Our existence has a twin in a general prospect, and that is Humanities. Humanities is the study about human culture, such as literature, philosophy, and history.These have become some of the subjects that conventionally fall under the Humanities umbrella. Expertise on these categories of human aspects give us the opportunity to feel a sense of connection to everyone who have come before us, as well as those who will live after our lifetimes.
We can’t deny that Humanities has contributed a lot. One is how we look at things differently. This illuminates the importance of critical thinking, historical consciousness and creating competent democratic citizens. This allows us to gain a new perception of everything from arts to business models to politics; humanities subjects have been the center of liberal arts tutelage since the ancient Greeks first used them to educate their people.
Inquisitions into human experience speeds up our knowledge about the world. Through the contributions of Humanities scholars, we learn the norms of different cultures, like what goes into creation of art, and how our history was made. Their legacies preserve the great accomplishment of the past, help us to better understand today’s world, and give us ideas on how to rock the future.
Humanities also brings a bit of clarity to the future by providing the conceptual foundation in searching and understanding the human experience. Furthermore, the study of different language can ease the appreciation for the parallelism of cultures .Pondering a sculpture can give an idea on how artist life affects an artistic thinking.
Vigorous, Dynamic and deep that’s what Humanities is and it would until generations to come.
Pay attention to the serious talk around universities, read op-eds and publications and you might think the humanities were in greater risk than the earth’s environment. In fact, despite the overheated stated claims, the humanities are not at death’s door. Modern demands will more likely force them into a new shape, and eventually a healthier one. That claim might seem unusual. The percentage of scholars specializing in the humanities has sunk to an all-time low. Learners have turned their backs on art history and literary works in support of studies like bookkeeping and medical, that leads straight to jobs. Governors like Florida’s Rick Scott have proved helpful to undercut areas of study not tuned carefully to employment. President Obama wants education to stress technology, science, engineering and arithmetic. Resources for disciplines in professions like history and linguistics are drying up. The legislature has already reduced the budget of the National Endowment for the Humanities and now Rep. Paul Ryan wants to destroy it.

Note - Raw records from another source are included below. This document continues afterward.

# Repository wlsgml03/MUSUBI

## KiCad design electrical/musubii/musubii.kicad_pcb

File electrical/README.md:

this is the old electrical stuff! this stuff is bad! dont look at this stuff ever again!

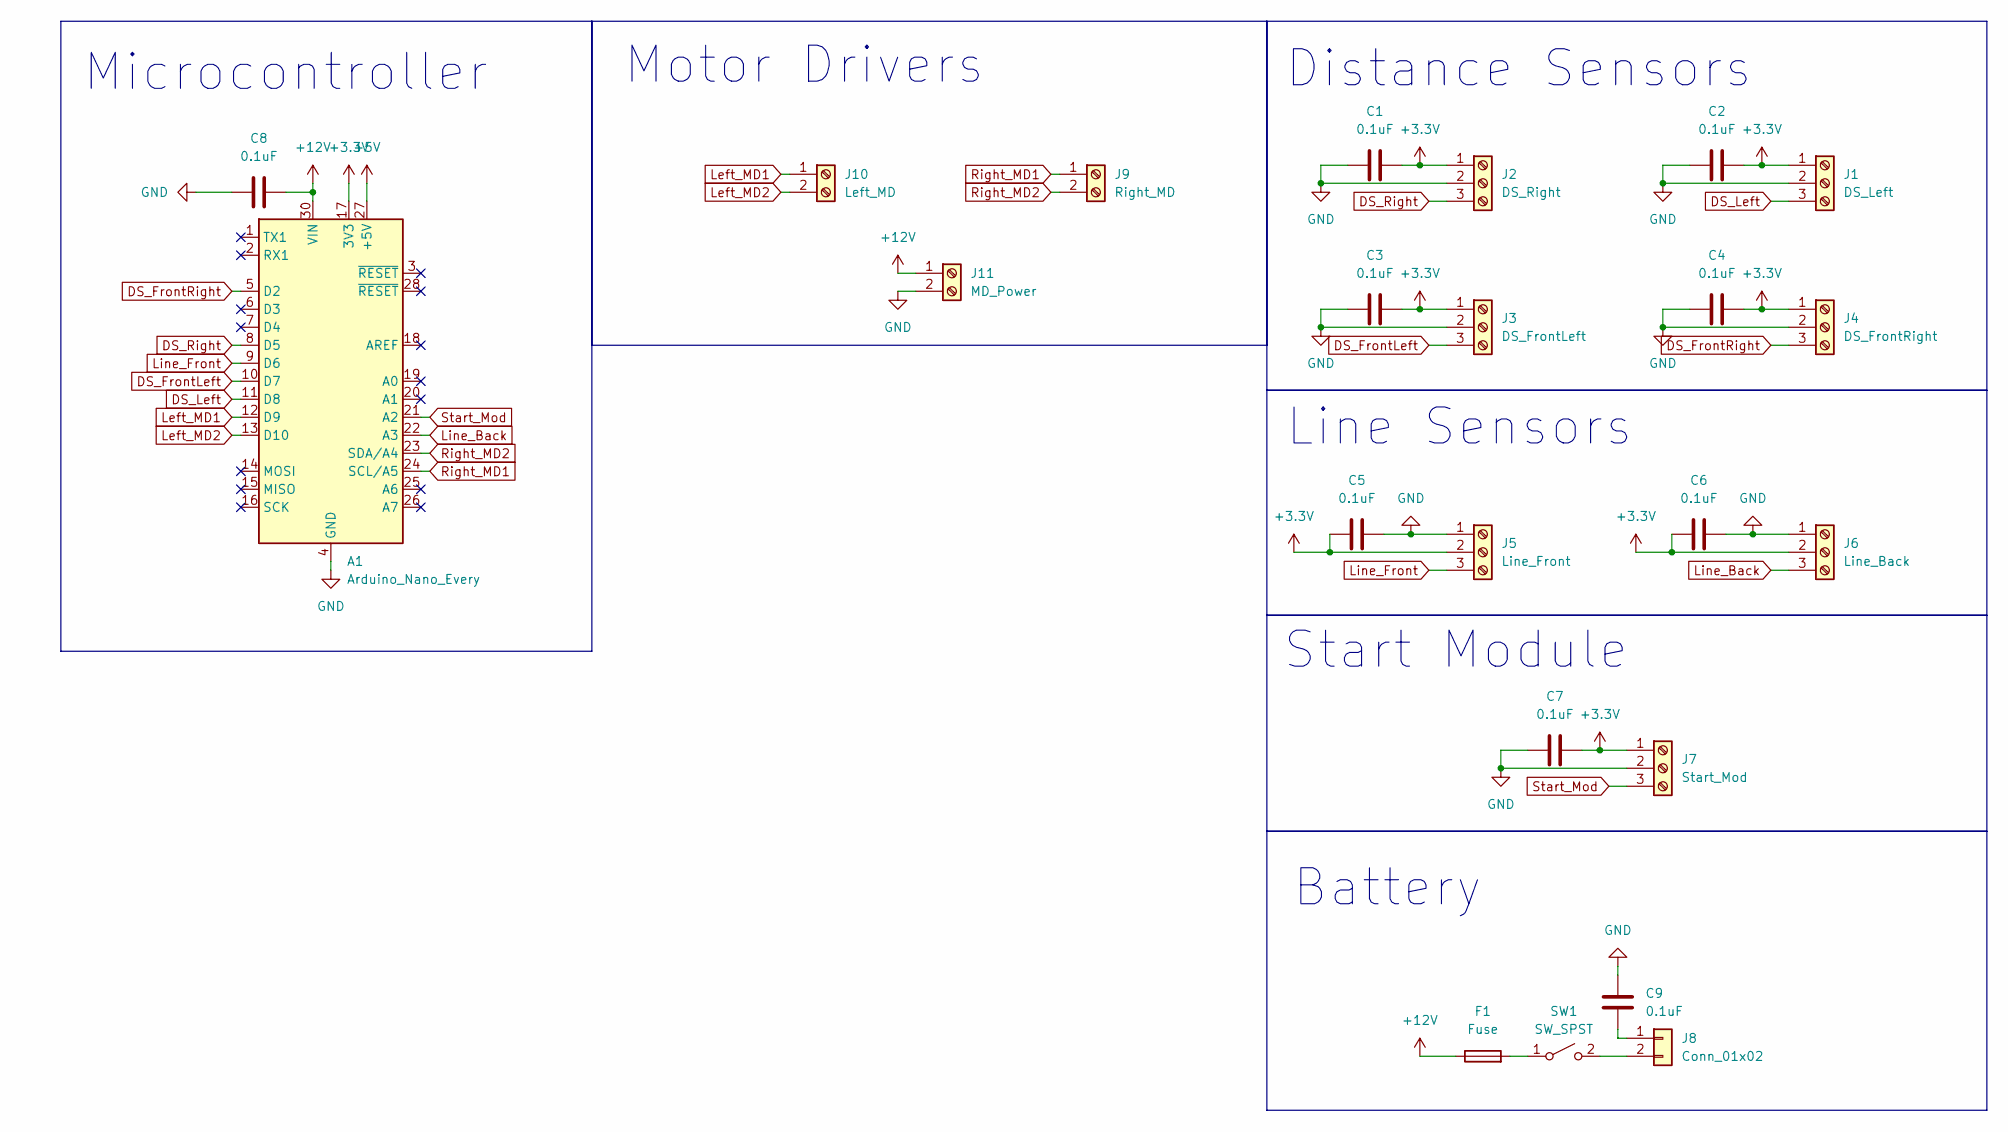
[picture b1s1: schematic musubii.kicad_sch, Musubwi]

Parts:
A1: Arduino_Nano_Every; Arduino_Nano
C1, C2, C3, C4, C5, C6, C7, C8, C9: 0.1uF; C_0805_2012Metric_Pad1.18x1.45mm_HandSolder
F1: Fuse; FUSC3215X83N
J1: DS_Left; JST_PH_S3B-PH-K_1x03_P2.00mm_Horizontal
J2: DS_Right; JST_PH_S3B-PH-K_1x03_P2.00mm_Horizontal
J3: DS_FrontLeft; JST_PH_S3B-PH-K_1x03_P2.00mm_Horizontal
J4: DS_FrontRight; JST_PH_S3B-PH-K_1x03_P2.00mm_Horizontal
J5: Line_Front; JST_PH_S3B-PH-K_1x03_P2.00mm_Horizontal
J6: Line_Back; JST_PH_S3B-PH-K_1x03_P2.00mm_Horizontal
J7: Start_Mod; JST_PH_S3B-PH-K_1x03_P2.00mm_Horizontal
J8: Conn_01x02; AMASS_XT60-F_1x02_P7.20mm_Vertical
J9: Right_MD; PhoenixContact_MSTBA_2,5_2-G_1x02_P5.00mm_Horizontal
J10: Left_MD; PhoenixContact_MSTBA_2,5_2-G_1x02_P5.00mm_Horizontal
J11: MD_Power; PhoenixContact_MSTBA_2,5_2-G_1x02_P5.00mm_Horizontal
SW1: SW_SPST; SW_JS102011JCQN

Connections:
+3.3V: A1.17 (3V3), C1.1, C2.1, C3.1, C4.1, C5.2, C6.2, C7.1, J1.1, J2.1, J3.1, J4.1, J5.2, J6.2, J7.1
+5V: A1.27 (+5V)
+12V: A1.30 (VIN), C8.2, F1.1, J11.1
DS_FrontLeft: A1.10 (D7), J3.3
DS_FrontRight: A1.5 (D2), J4.3
DS_Left: A1.11 (D8), J1.3
DS_Right: A1.8 (D5), J2.3
GND: A1.4 (GND), A1.29 (GND), C1.2, C2.2, C3.2, C4.2, C5.1, C6.1, C7.2, C8.1, C9.2, J1.2, J2.2, J3.2, J4.2, J5.1, J6.1, J7.2, J11.2
Left_MD1: A1.12 (D9), J10.1
Left_MD2: A1.13 (D10), J10.2
Line_Back: A1.22 (A3), J6.3
Line_Front: A1.9 (D6), J5.3
unnamed: C9.1, J8.1
unnamed: J8.2, SW1.2 (B)
unnamed: F1.2, SW1.1 (A)
Right_MD1: A1.24 (SCL/A5), J9.1
Right_MD2: A1.23 (SDA/A4), J9.2
Start_Mod: A1.21 (A2), J7.3

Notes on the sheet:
Battery
Motor Drivers
Distance Sensors
Line Sensors
Microcontroller
Start Module

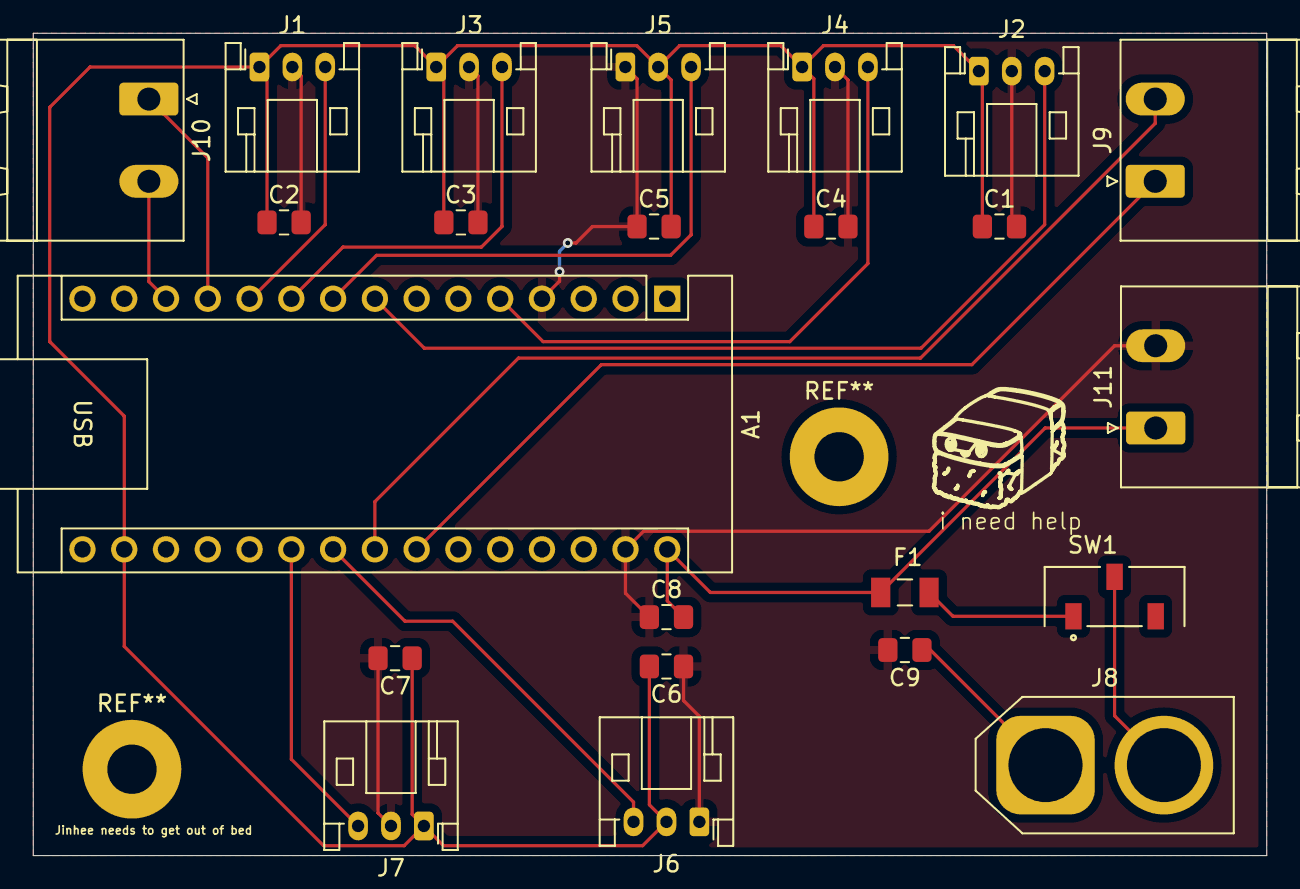
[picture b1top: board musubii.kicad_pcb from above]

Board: 2 copper layers, 75.0 x 50.0 mm, 23 parts (0 on the bottom side), 17 nets.

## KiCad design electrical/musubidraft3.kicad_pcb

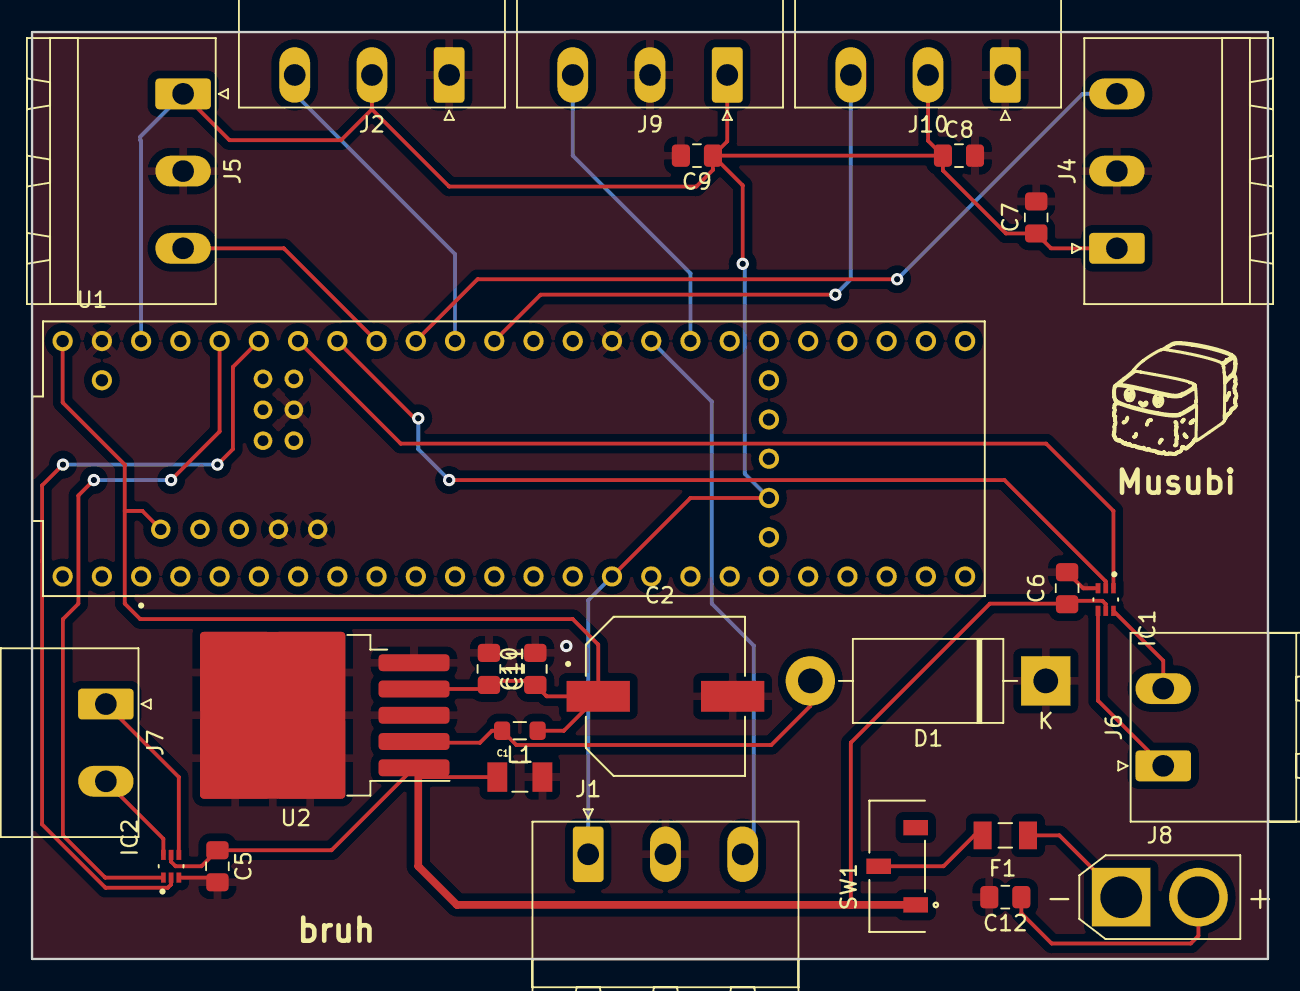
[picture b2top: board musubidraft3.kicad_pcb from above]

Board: 2 copper layers, 80.0 x 60.0 mm, 27 parts (0 on the bottom side), 22 nets.

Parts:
C1: 100uF; CAPC3216X190N
C2: 220uF; CAP_EEHZS1H221P
C5, C6, C7, C8, C9, C10, C11, C12: 0.1uF; C_0805_2012Metric_Pad1.18x1.45mm_HandSolder
D1: 1N5822; D_DO-201AD_P15.24mm_Horizontal
F1: Fuse; FUSC3215X83N
IC1, IC2: DRV8212DRLR; SOT50P160X60-6N
J1: DDS3; PhoenixContact_MSTBA_2,5_3-G_1x03_P5.00mm_Horizontal
J2, J10: Screw_Terminal_01x03; PhoenixContact_MSTBA_2,5_3-G_1x03_P5.00mm_Horizontal
J4: DDS1; PhoenixContact_MSTBA_2,5_3-G_1x03_P5.00mm_Horizontal
J5: DDS2; PhoenixContact_MSTBA_2,5_3-G_1x03_P5.00mm_Horizontal
J6: BDC1; PhoenixContact_MSTBA_2,5_2-G_1x02_P5.00mm_Horizontal
J7: BDC2; PhoenixContact_MSTBA_2,5_2-G_1x02_P5.00mm_Horizontal
J8: Battery; AMASS_XT30U-M_1x02_P5.0mm_Vertical
J9: DDS4; PhoenixContact_MSTBA_2,5_3-G_1x03_P5.00mm_Horizontal
L1: 100uH; L_0805_2012Metric_Pad1.05x1.20mm_HandSolder
SW1: SW_SPST; SW_JS102011JCQN
U1: DEV-16771; MODULE_DEV-16771
U2: LM2576S-5; TO-263-5_TabPin3

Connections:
+3.3V: C7.1, C8.1, C9.1, J1.1, J2.2, J4.1, J5.1, J9.1, J10.2, U1.3.3V_1 (3.3V), U1.3.3V_2 (3.3V), U1.3.3V_3 (3.3V)
+5V: C2.1, C10.1, C11.2, L1.1, U1.5V, U1.VIN, U2.4 (FB)
+12V: C1.1, C5.1, C6.1, IC1.5 (VM), IC2.5 (VM), SW1.1 (A), U2.1 (VIN)
DDS_1: J4.3, U1.17 (A3)
DDS_2: J5.3, U1.18 (A4)
DDS_3: J1.3, U1.41 (A17)
DDS_4: J9.3, U1.40 (A16)
GND: C1.2, C2.2, C5.2, C6.2, C7.2, C8.2, C9.2, C10.2, C11.1, C12.2, D1.1 (K), IC1.3 (GND), IC2.3 (GND), J1.2, J2.1, J4.2, J5.2, J9.2, J10.1, U1.GND1 (GND), U1.GND2 (GND), U1.GND3 (GND), U1.GND4 (GND), U1.GND5 (GND), U1.USB_GND1 (USB_GND), U1.USB_GND2 (USB_GND), U2.3 (GND), U2.5 (~ON/OFF)
L_LINE: J2.3, U1.16 (A2)
MD1: IC1.2 (IN2), U1.19 (A5)
MD2: IC1.1 (IN1), U1.20 (A6)
MD3: IC2.2 (IN2), U1.21 (A7)
MD4: IC2.1 (IN1), U1.22 (A8)
unnamed: D1.2 (A), L1.2, U2.2 (OUT)
unnamed: IC1.6 (OUT1), J6.2
unnamed: IC1.4 (OUT2), J6.1
unnamed: IC2.6 (OUT1), J7.2
unnamed: IC2.4 (OUT2), J7.1
unnamed: F1.1, J8.1
unnamed: C12.1, J8.2
unnamed: F1.2, SW1.2 (B)
R_LINE: J10.3, U1.15 (A1)

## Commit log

2024-08-07 Add files via upload
    testing- first iteration of musubi code file
2024-08-07 Create musubii
2024-08-07 Electrical folder for musubii
2024-08-07 Create tldr
2024-08-07 picture upload
    dont worry about it u didnt see this
2024-08-07 exec
    execution :3
2024-08-07 Create bruh.txt
    bruh
2024-08-07 brainrot spectrum
    old spectrum, needs to be updated bc i am not a degenerate
2024-08-07 musubi logo (png)
    has transparent bg
2024-08-07 musubi logo (dxf)
    it is the correct size and ready for importing to kicad
2024-08-07 musubii kicad
    that is a lot of junk i hope it doesn't blow anything up! :3
2024-08-07 Delete electrical/musubii
    idk why this is here
2024-08-07 questionable screenshot
    definitely legal
2024-08-08 jinhee drinks water
    proof that jinhee drinks more water than me
2024-08-08 definitely blackmail
    blob
2024-08-08 Create README.md
    basically says the stuff here is old
2024-08-08 added old musubi electrical
    this stuff sucks dont open it (like not even funny at all)
2024-08-29 jinhee is torturing me help
2024-09-01 added some direction functions
2024-09-01 pcb layout image holy s im tired
2024-09-06 yare yare (software pin assignment update)
2024-09-14 updated xanders nasty
2024-09-14 line sensor testing
2024-10-04 transferring musubii to laptop
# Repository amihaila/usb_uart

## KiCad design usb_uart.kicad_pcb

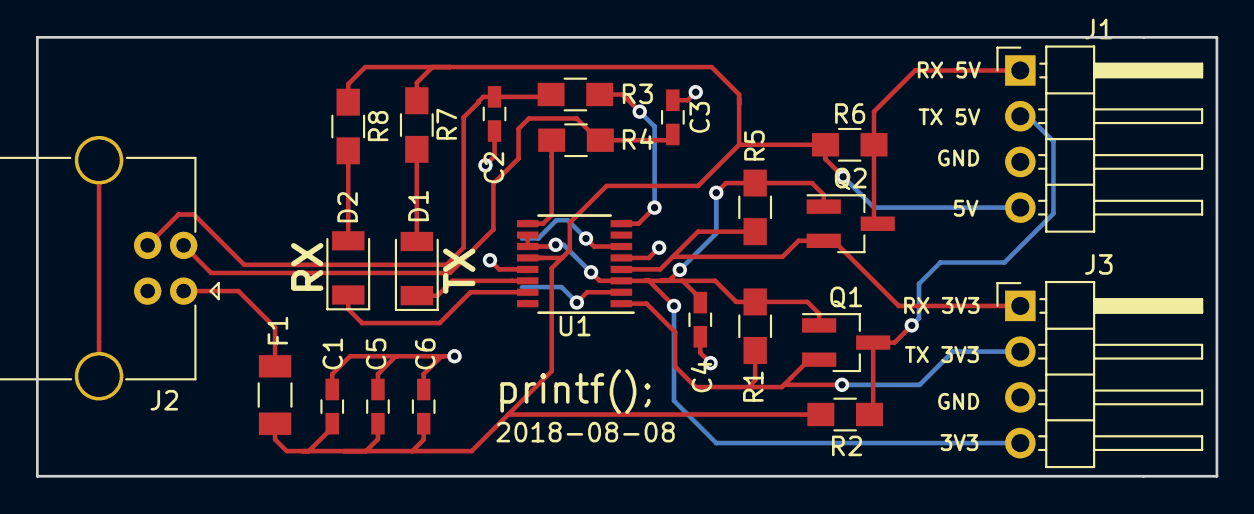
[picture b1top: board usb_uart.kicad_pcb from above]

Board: 2 copper layers, 65.5 x 24.4 mm, 24 parts (1 on the bottom side), 18 nets.

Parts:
C1: 10nF; C_0603_HandSoldering
C2, C3: 47pF; C_0603_HandSoldering
C4, C5: 100nF; C_0603_HandSoldering
C6: 4.7uF; C_0603_HandSoldering
D1, D2: LED; LED_1206_3216Metric_Pad1.07x1.80mm_HandSolder
F1: Polyfuse_Small; Fuse_1206_3216Metric_Pad1.24x1.80mm_HandSolder
J1, J3: Conn_01x04_Female; PinHeader_1x04_P2.54mm_Horizontal
J2: USB_B; USB_B_Horizontal
Q1, Q2: DMG2302UK; SOT-23_Handsoldering
R1, R2, R5, R6: 10K; R_0805_HandSoldering
R3, R4: 27R; R_0805_HandSoldering
R7, R8: 270R; R_0805_HandSoldering
R9: 0; R_0805_HandSoldering
U1: FT230FX; SSOP-16_3.9x4.9mm_P0.635mm

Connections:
+3V3: C4.1, J3.4, Q1.1, Q2.1, R1.1, R5.1, U1.3, U1.10, U1.11
+5V: C1.1, C5.1, C6.1, F1.1, J1.4, R2.1, R6.1, R7.1, R8.1, U1.12
/RX3V3: J3.1, Q2.2, R5.2, U1.4
/RX5V: J1.1, Q2.3, R6.2
/RXLED: D2.1, U1.15
/TX3V3: J3.2, Q1.2, R1.2, U1.1
/TX5V: J1.2, Q1.3, R2.2
/TXLED: D1.1, U1.14
GND: C1.2, C2.2, C3.2, C4.2, C5.2, C6.2, J1.3, J2.4, J3.3, U1.5, U1.13
unnamed: C2.1, J2.3, R3.2
unnamed: C3.1, J2.2, R4.2
unnamed: D1.2, R7.2
unnamed: D2.2, R8.2
unnamed: F1.2, J2.1
unnamed: R3.1, U1.8
unnamed: R4.1, U1.9
unnamed: R9.1, U1.6
unnamed: R9.2, U1.2

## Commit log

2018-08-07 Initial schematic
    USB/UART interface schematic
2018-08-07 add gitignore
2018-08-09 First draft pcb
    TODO: fix the rts/cts signals

Analysts of higher education paint a more uncertain image. How many years ago you start counting either degrees or research dollars, determines how depressing the humanities figures look. And with more and more people in America going to college only to qualify themselves for work, most time-honored areas of study have taken a hit, not just the humanities. But even at a conventional, top level organization like Stanford, degrees in humanities professions have dropped so low as to alert teachers into unmatched missionary initiatives.
Whatever precise form changes takes, teachers and their learners are likely to find that the humanities amount to more than a set of separated professions, each stuck on its own island. Ordinary readers might find learned research in art, history and literary works regularly published in language available to them, even released in general-interest publications, as it usually was before 1850. Even political figures may look for the value of erudition efforts. Today’s many humanities jointly form the newest edition of a millennia-long European custom of query into language and its products: inquiry, that is, into worlds that humans have created for themselves and expressed in words. That endeavor will not vanish, even when the present humanities disciplines do.